Data items:

§ §

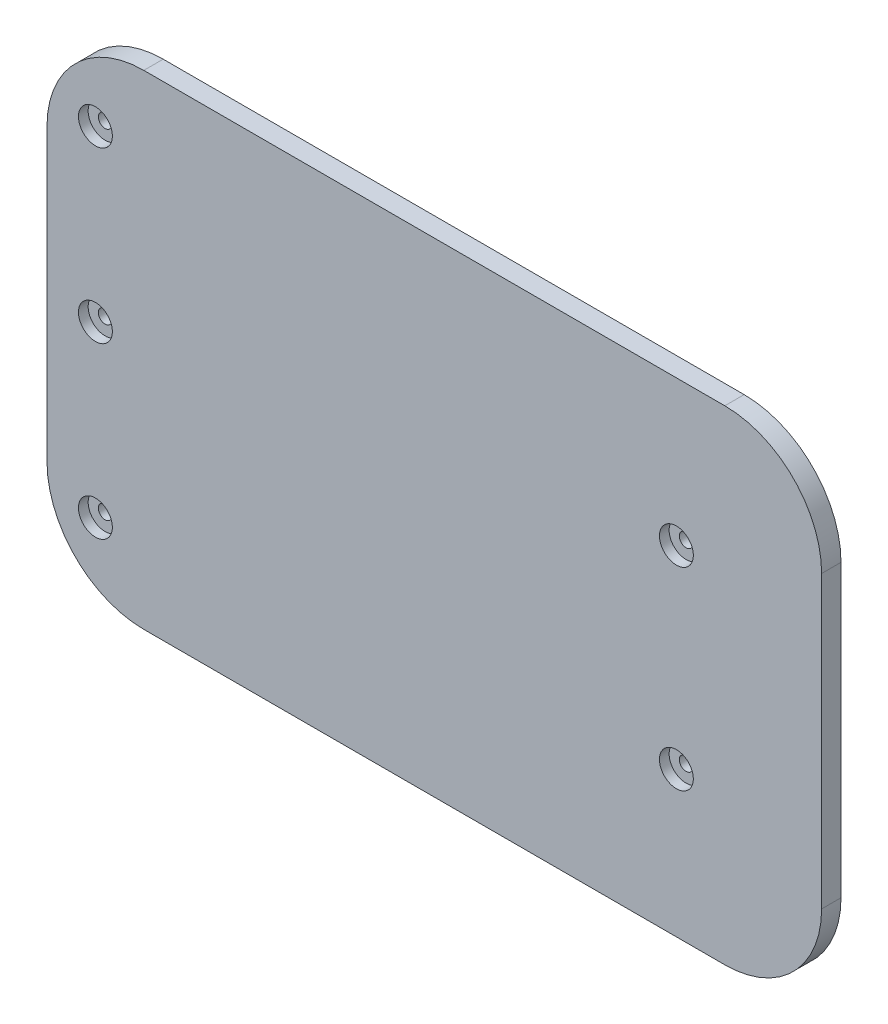
ISO-10303-21;
HEADER;
FILE_DESCRIPTION(('STEP AP214'),'2;1');
FILE_NAME('part.step','',(''),(''),'','','');
FILE_SCHEMA(('AUTOMOTIVE_DESIGN { 1 0 10303 214 1 1 1 1 }'));
ENDSEC;
DATA;
#1=APPLICATION_CONTEXT('core data for automotive mechanical design processes');
#2=APPLICATION_PROTOCOL_DEFINITION('international standard','automotive_design',2000,#1);
#3=PRODUCT_CONTEXT('',#1,'mechanical');
#4=PRODUCT('Part','Part','',(#3));
#5=PRODUCT_RELATED_PRODUCT_CATEGORY('part','',(#4));
#6=PRODUCT_DEFINITION_FORMATION('','',#4);
#7=PRODUCT_DEFINITION_CONTEXT('part definition',#1,'design');
#8=PRODUCT_DEFINITION('design','',#6,#7);
#9=PRODUCT_DEFINITION_SHAPE('','',#8);
#10=(LENGTH_UNIT() NAMED_UNIT(*) SI_UNIT(.MILLI.,.METRE.));
#11=(NAMED_UNIT(*) PLANE_ANGLE_UNIT() SI_UNIT($,.RADIAN.));
#12=(NAMED_UNIT(*) SI_UNIT($,.STERADIAN.) SOLID_ANGLE_UNIT());
#13=UNCERTAINTY_MEASURE_WITH_UNIT(LENGTH_MEASURE(1.E-05),#10,'distance_accuracy_value','');
#14=(GEOMETRIC_REPRESENTATION_CONTEXT(3) GLOBAL_UNCERTAINTY_ASSIGNED_CONTEXT((#13)) GLOBAL_UNIT_ASSIGNED_CONTEXT((#10,
#11,#12)) REPRESENTATION_CONTEXT('',''));
#15=CARTESIAN_POINT('',(0.,0.,0.));
#16=DIRECTION('',(0.,0.,1.));
#17=DIRECTION('',(1.,0.,0.));
#18=AXIS2_PLACEMENT_3D('',#15,#16,#17);
#19=CARTESIAN_POINT('',(130.,30.,0.));
#20=DIRECTION('',(0.,0.,1.));
#21=DIRECTION('',(1.,0.,0.));
#22=AXIS2_PLACEMENT_3D('',#19,#20,#21);
#23=CYLINDRICAL_SURFACE('',#22,1.4);
#24=CARTESIAN_POINT('',(130.,30.,0.));
#25=DIRECTION('',(0.,0.,1.));
#26=DIRECTION('',(1.,0.,0.));
#27=AXIS2_PLACEMENT_3D('',#24,#25,#26);
#28=CIRCLE('',#27,1.4);
#29=CARTESIAN_POINT('',(131.4,30.,0.));
#30=VERTEX_POINT('',#29);
#31=EDGE_CURVE('E133',#30,#30,#28,.T.);
#32=ORIENTED_EDGE('',*,*,#31,.F.);
#33=EDGE_LOOP('',(#32));
#34=FACE_BOUND('',#33,.T.);
#35=CARTESIAN_POINT('',(130.,30.,2.));
#36=DIRECTION('',(0.,0.,1.));
#37=DIRECTION('',(1.,0.,0.));
#38=AXIS2_PLACEMENT_3D('',#35,#36,#37);
#39=CIRCLE('',#38,1.4);
#40=CARTESIAN_POINT('',(131.4,30.,2.));
#41=VERTEX_POINT('',#40);
#42=EDGE_CURVE('E37',#41,#41,#39,.F.);
#43=ORIENTED_EDGE('',*,*,#42,.F.);
#44=EDGE_LOOP('',(#43));
#45=FACE_BOUND('',#44,.T.);
#46=ADVANCED_FACE('F33',(#34,#45),#23,.F.);
#47=CARTESIAN_POINT('',(10.,85.,0.));
#48=DIRECTION('',(0.,0.,1.));
#49=DIRECTION('',(1.,0.,0.));
#50=AXIS2_PLACEMENT_3D('',#47,#48,#49);
#51=CYLINDRICAL_SURFACE('',#50,1.4);
#52=CARTESIAN_POINT('',(10.,85.,0.));
#53=DIRECTION('',(0.,0.,1.));
#54=DIRECTION('',(1.,0.,0.));
#55=AXIS2_PLACEMENT_3D('',#52,#53,#54);
#56=CIRCLE('',#55,1.4);
#57=CARTESIAN_POINT('',(11.4,85.,0.));
#58=VERTEX_POINT('',#57);
#59=EDGE_CURVE('E175',#58,#58,#56,.T.);
#60=ORIENTED_EDGE('',*,*,#59,.F.);
#61=EDGE_LOOP('',(#60));
#62=FACE_BOUND('',#61,.T.);
#63=CARTESIAN_POINT('',(10.,85.,2.));
#64=DIRECTION('',(0.,0.,1.));
#65=DIRECTION('',(1.,0.,0.));
#66=AXIS2_PLACEMENT_3D('',#63,#64,#65);
#67=CIRCLE('',#66,1.4);
#68=CARTESIAN_POINT('',(11.4,85.,2.));
#69=VERTEX_POINT('',#68);
#70=EDGE_CURVE('E170',#69,#69,#67,.F.);
#71=ORIENTED_EDGE('',*,*,#70,.F.);
#72=EDGE_LOOP('',(#71));
#73=FACE_BOUND('',#72,.T.);
#74=ADVANCED_FACE('F227',(#62,#73),#51,.F.);
#75=CARTESIAN_POINT('',(10.,50.,0.));
#76=DIRECTION('',(0.,0.,1.));
#77=DIRECTION('',(1.,0.,0.));
#78=AXIS2_PLACEMENT_3D('',#75,#76,#77);
#79=CYLINDRICAL_SURFACE('',#78,1.4);
#80=CARTESIAN_POINT('',(10.,50.,0.));
#81=DIRECTION('',(0.,0.,1.));
#82=DIRECTION('',(1.,0.,0.));
#83=AXIS2_PLACEMENT_3D('',#80,#81,#82);
#84=CIRCLE('',#83,1.4);
#85=CARTESIAN_POINT('',(11.4,50.,0.));
#86=VERTEX_POINT('',#85);
#87=EDGE_CURVE('E179',#86,#86,#84,.T.);
#88=ORIENTED_EDGE('',*,*,#87,.F.);
#89=EDGE_LOOP('',(#88));
#90=FACE_BOUND('',#89,.T.);
#91=CARTESIAN_POINT('',(10.,50.,2.));
#92=DIRECTION('',(0.,0.,1.));
#93=DIRECTION('',(1.,0.,0.));
#94=AXIS2_PLACEMENT_3D('',#91,#92,#93);
#95=CIRCLE('',#94,1.4);
#96=CARTESIAN_POINT('',(11.4,50.,2.));
#97=VERTEX_POINT('',#96);
#98=EDGE_CURVE('E168',#97,#97,#95,.F.);
#99=ORIENTED_EDGE('',*,*,#98,.F.);
#100=EDGE_LOOP('',(#99));
#101=FACE_BOUND('',#100,.T.);
#102=ADVANCED_FACE('F233',(#90,#101),#79,.F.);
#103=CARTESIAN_POINT('',(10.,15.,0.));
#104=DIRECTION('',(0.,0.,1.));
#105=DIRECTION('',(1.,0.,0.));
#106=AXIS2_PLACEMENT_3D('',#103,#104,#105);
#107=CYLINDRICAL_SURFACE('',#106,1.4);
#108=CARTESIAN_POINT('',(10.,15.,0.));
#109=DIRECTION('',(0.,0.,1.));
#110=DIRECTION('',(1.,0.,0.));
#111=AXIS2_PLACEMENT_3D('',#108,#109,#110);
#112=CIRCLE('',#111,1.4);
#113=CARTESIAN_POINT('',(11.4,15.,0.));
#114=VERTEX_POINT('',#113);
#115=EDGE_CURVE('E184',#114,#114,#112,.T.);
#116=ORIENTED_EDGE('',*,*,#115,.F.);
#117=EDGE_LOOP('',(#116));
#118=FACE_BOUND('',#117,.T.);
#119=CARTESIAN_POINT('',(10.,15.,2.));
#120=DIRECTION('',(0.,0.,1.));
#121=DIRECTION('',(1.,0.,0.));
#122=AXIS2_PLACEMENT_3D('',#119,#120,#121);
#123=CIRCLE('',#122,1.4);
#124=CARTESIAN_POINT('',(11.4,15.,2.));
#125=VERTEX_POINT('',#124);
#126=EDGE_CURVE('E164',#125,#125,#123,.F.);
#127=ORIENTED_EDGE('',*,*,#126,.F.);
#128=EDGE_LOOP('',(#127));
#129=FACE_BOUND('',#128,.T.);
#130=ADVANCED_FACE('F240',(#118,#129),#107,.F.);
#131=CARTESIAN_POINT('',(130.,70.,0.));
#132=DIRECTION('',(0.,0.,1.));
#133=DIRECTION('',(1.,0.,0.));
#134=AXIS2_PLACEMENT_3D('',#131,#132,#133);
#135=CYLINDRICAL_SURFACE('',#134,1.4);
#136=CARTESIAN_POINT('',(130.,70.,0.));
#137=DIRECTION('',(0.,0.,1.));
#138=DIRECTION('',(1.,0.,0.));
#139=AXIS2_PLACEMENT_3D('',#136,#137,#138);
#140=CIRCLE('',#139,1.4);
#141=CARTESIAN_POINT('',(131.4,70.,0.));
#142=VERTEX_POINT('',#141);
#143=EDGE_CURVE('E188',#142,#142,#140,.T.);
#144=ORIENTED_EDGE('',*,*,#143,.F.);
#145=EDGE_LOOP('',(#144));
#146=FACE_BOUND('',#145,.T.);
#147=CARTESIAN_POINT('',(130.,70.,2.));
#148=DIRECTION('',(0.,0.,1.));
#149=DIRECTION('',(1.,0.,0.));
#150=AXIS2_PLACEMENT_3D('',#147,#148,#149);
#151=CIRCLE('',#150,1.4);
#152=CARTESIAN_POINT('',(131.4,70.,2.));
#153=VERTEX_POINT('',#152);
#154=EDGE_CURVE('E161',#153,#153,#151,.F.);
#155=ORIENTED_EDGE('',*,*,#154,.F.);
#156=EDGE_LOOP('',(#155));
#157=FACE_BOUND('',#156,.T.);
#158=ADVANCED_FACE('F255',(#146,#157),#135,.F.);
#159=CARTESIAN_POINT('',(0.,0.,4.));
#160=DIRECTION('',(1.,0.,0.));
#161=DIRECTION('',(0.,0.,-1.));
#162=AXIS2_PLACEMENT_3D('',#159,#160,#161);
#163=PLANE('',#162);
#164=DIRECTION('',(0.,-1.,0.));
#165=VECTOR('',#164,1.);
#166=CARTESIAN_POINT('',(0.,0.,0.));
#167=LINE('',#166,#165);
#168=CARTESIAN_POINT('',(0.,80.,0.));
#169=VERTEX_POINT('',#168);
#170=CARTESIAN_POINT('',(0.,20.,0.));
#171=VERTEX_POINT('',#170);
#172=EDGE_CURVE('E128',#169,#171,#167,.T.);
#173=ORIENTED_EDGE('',*,*,#172,.T.);
#174=DIRECTION('',(0.,0.,-1.));
#175=VECTOR('',#174,1.);
#176=CARTESIAN_POINT('',(0.,20.,4.));
#177=LINE('',#176,#175);
#178=CARTESIAN_POINT('',(0.,20.,4.));
#179=VERTEX_POINT('',#178);
#180=EDGE_CURVE('E106',#171,#179,#177,.F.);
#181=ORIENTED_EDGE('',*,*,#180,.T.);
#182=DIRECTION('',(0.,-1.,0.));
#183=VECTOR('',#182,1.);
#184=CARTESIAN_POINT('',(0.,0.,4.));
#185=LINE('',#184,#183);
#186=CARTESIAN_POINT('',(0.,80.,4.));
#187=VERTEX_POINT('',#186);
#188=EDGE_CURVE('E138',#187,#179,#185,.T.);
#189=ORIENTED_EDGE('',*,*,#188,.F.);
#190=DIRECTION('',(0.,0.,-1.));
#191=VECTOR('',#190,1.);
#192=CARTESIAN_POINT('',(0.,80.,4.));
#193=LINE('',#192,#191);
#194=EDGE_CURVE('E111',#187,#169,#193,.T.);
#195=ORIENTED_EDGE('',*,*,#194,.T.);
#196=EDGE_LOOP('',(#173,#181,#189,#195));
#197=FACE_BOUND('',#196,.T.);
#198=ADVANCED_FACE('F206',(#197),#163,.F.);
#199=CARTESIAN_POINT('',(0.,0.,4.));
#200=DIRECTION('',(0.,1.,0.));
#201=DIRECTION('',(0.,0.,1.));
#202=AXIS2_PLACEMENT_3D('',#199,#200,#201);
#203=PLANE('',#202);
#204=DIRECTION('',(1.,0.,0.));
#205=VECTOR('',#204,1.);
#206=CARTESIAN_POINT('',(0.,0.,4.));
#207=LINE('',#206,#205);
#208=CARTESIAN_POINT('',(20.,0.,4.));
#209=VERTEX_POINT('',#208);
#210=CARTESIAN_POINT('',(140.,0.,4.));
#211=VERTEX_POINT('',#210);
#212=EDGE_CURVE('E121',#209,#211,#207,.T.);
#213=ORIENTED_EDGE('',*,*,#212,.F.);
#214=DIRECTION('',(0.,0.,-1.));
#215=VECTOR('',#214,1.);
#216=CARTESIAN_POINT('',(20.,0.,4.));
#217=LINE('',#216,#215);
#218=CARTESIAN_POINT('',(20.,0.,0.));
#219=VERTEX_POINT('',#218);
#220=EDGE_CURVE('E105',#209,#219,#217,.T.);
#221=ORIENTED_EDGE('',*,*,#220,.T.);
#222=DIRECTION('',(1.,0.,0.));
#223=VECTOR('',#222,1.);
#224=CARTESIAN_POINT('',(0.,0.,0.));
#225=LINE('',#224,#223);
#226=CARTESIAN_POINT('',(140.,0.,0.));
#227=VERTEX_POINT('',#226);
#228=EDGE_CURVE('E118',#219,#227,#225,.T.);
#229=ORIENTED_EDGE('',*,*,#228,.T.);
#230=DIRECTION('',(0.,0.,-1.));
#231=VECTOR('',#230,1.);
#232=CARTESIAN_POINT('',(140.,0.,4.));
#233=LINE('',#232,#231);
#234=EDGE_CURVE('E123',#227,#211,#233,.F.);
#235=ORIENTED_EDGE('',*,*,#234,.T.);
#236=EDGE_LOOP('',(#213,#221,#229,#235));
#237=FACE_BOUND('',#236,.T.);
#238=ADVANCED_FACE('F117',(#237),#203,.F.);
#239=CARTESIAN_POINT('',(160.,0.,4.));
#240=DIRECTION('',(-1.,0.,0.));
#241=DIRECTION('',(0.,0.,1.));
#242=AXIS2_PLACEMENT_3D('',#239,#240,#241);
#243=PLANE('',#242);
#244=DIRECTION('',(0.,1.,0.));
#245=VECTOR('',#244,1.);
#246=CARTESIAN_POINT('',(160.,0.,4.));
#247=LINE('',#246,#245);
#248=CARTESIAN_POINT('',(160.,20.,4.));
#249=VERTEX_POINT('',#248);
#250=CARTESIAN_POINT('',(160.,80.,4.));
#251=VERTEX_POINT('',#250);
#252=EDGE_CURVE('E198',#249,#251,#247,.T.);
#253=ORIENTED_EDGE('',*,*,#252,.F.);
#254=DIRECTION('',(0.,0.,-1.));
#255=VECTOR('',#254,1.);
#256=CARTESIAN_POINT('',(160.,20.,4.));
#257=LINE('',#256,#255);
#258=CARTESIAN_POINT('',(160.,20.,0.));
#259=VERTEX_POINT('',#258);
#260=EDGE_CURVE('E157',#249,#259,#257,.T.);
#261=ORIENTED_EDGE('',*,*,#260,.T.);
#262=DIRECTION('',(0.,1.,0.));
#263=VECTOR('',#262,1.);
#264=CARTESIAN_POINT('',(160.,0.,0.));
#265=LINE('',#264,#263);
#266=CARTESIAN_POINT('',(160.,80.,0.));
#267=VERTEX_POINT('',#266);
#268=EDGE_CURVE('E127',#259,#267,#265,.T.);
#269=ORIENTED_EDGE('',*,*,#268,.T.);
#270=DIRECTION('',(0.,0.,-1.));
#271=VECTOR('',#270,1.);
#272=CARTESIAN_POINT('',(160.,80.,4.));
#273=LINE('',#272,#271);
#274=EDGE_CURVE('E155',#267,#251,#273,.F.);
#275=ORIENTED_EDGE('',*,*,#274,.T.);
#276=EDGE_LOOP('',(#253,#261,#269,#275));
#277=FACE_BOUND('',#276,.T.);
#278=ADVANCED_FACE('F214',(#277),#243,.F.);
#279=CARTESIAN_POINT('',(0.,100.,4.));
#280=DIRECTION('',(0.,-1.,0.));
#281=DIRECTION('',(0.,0.,-1.));
#282=AXIS2_PLACEMENT_3D('',#279,#280,#281);
#283=PLANE('',#282);
#284=DIRECTION('',(-1.,0.,0.));
#285=VECTOR('',#284,1.);
#286=CARTESIAN_POINT('',(0.,100.,4.));
#287=LINE('',#286,#285);
#288=CARTESIAN_POINT('',(140.,100.,4.));
#289=VERTEX_POINT('',#288);
#290=CARTESIAN_POINT('',(20.,100.,4.));
#291=VERTEX_POINT('',#290);
#292=EDGE_CURVE('E139',#289,#291,#287,.T.);
#293=ORIENTED_EDGE('',*,*,#292,.F.);
#294=DIRECTION('',(0.,0.,-1.));
#295=VECTOR('',#294,1.);
#296=CARTESIAN_POINT('',(140.,100.,4.));
#297=LINE('',#296,#295);
#298=CARTESIAN_POINT('',(140.,100.,0.));
#299=VERTEX_POINT('',#298);
#300=EDGE_CURVE('E11',#289,#299,#297,.T.);
#301=ORIENTED_EDGE('',*,*,#300,.T.);
#302=DIRECTION('',(-1.,0.,0.));
#303=VECTOR('',#302,1.);
#304=CARTESIAN_POINT('',(0.,100.,0.));
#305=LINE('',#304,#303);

§ §

Beginning at the line with "#289=VERTEX_POINT('',#288);" and ending at the last line of the entries, print every line exactly.

> RESULT OF THE TASK:
#289=VERTEX_POINT('',#288);
#290=CARTESIAN_POINT('',(20.,100.,4.));
#291=VERTEX_POINT('',#290);
#292=EDGE_CURVE('E139',#289,#291,#287,.T.);
#293=ORIENTED_EDGE('',*,*,#292,.F.);
#294=DIRECTION('',(0.,0.,-1.));
#295=VECTOR('',#294,1.);
#296=CARTESIAN_POINT('',(140.,100.,4.));
#297=LINE('',#296,#295);
#298=CARTESIAN_POINT('',(140.,100.,0.));
#299=VERTEX_POINT('',#298);
#300=EDGE_CURVE('E11',#289,#299,#297,.T.);
#301=ORIENTED_EDGE('',*,*,#300,.T.);
#302=DIRECTION('',(-1.,0.,0.));
#303=VECTOR('',#302,1.);
#304=CARTESIAN_POINT('',(0.,100.,0.));
#305=LINE('',#304,#303);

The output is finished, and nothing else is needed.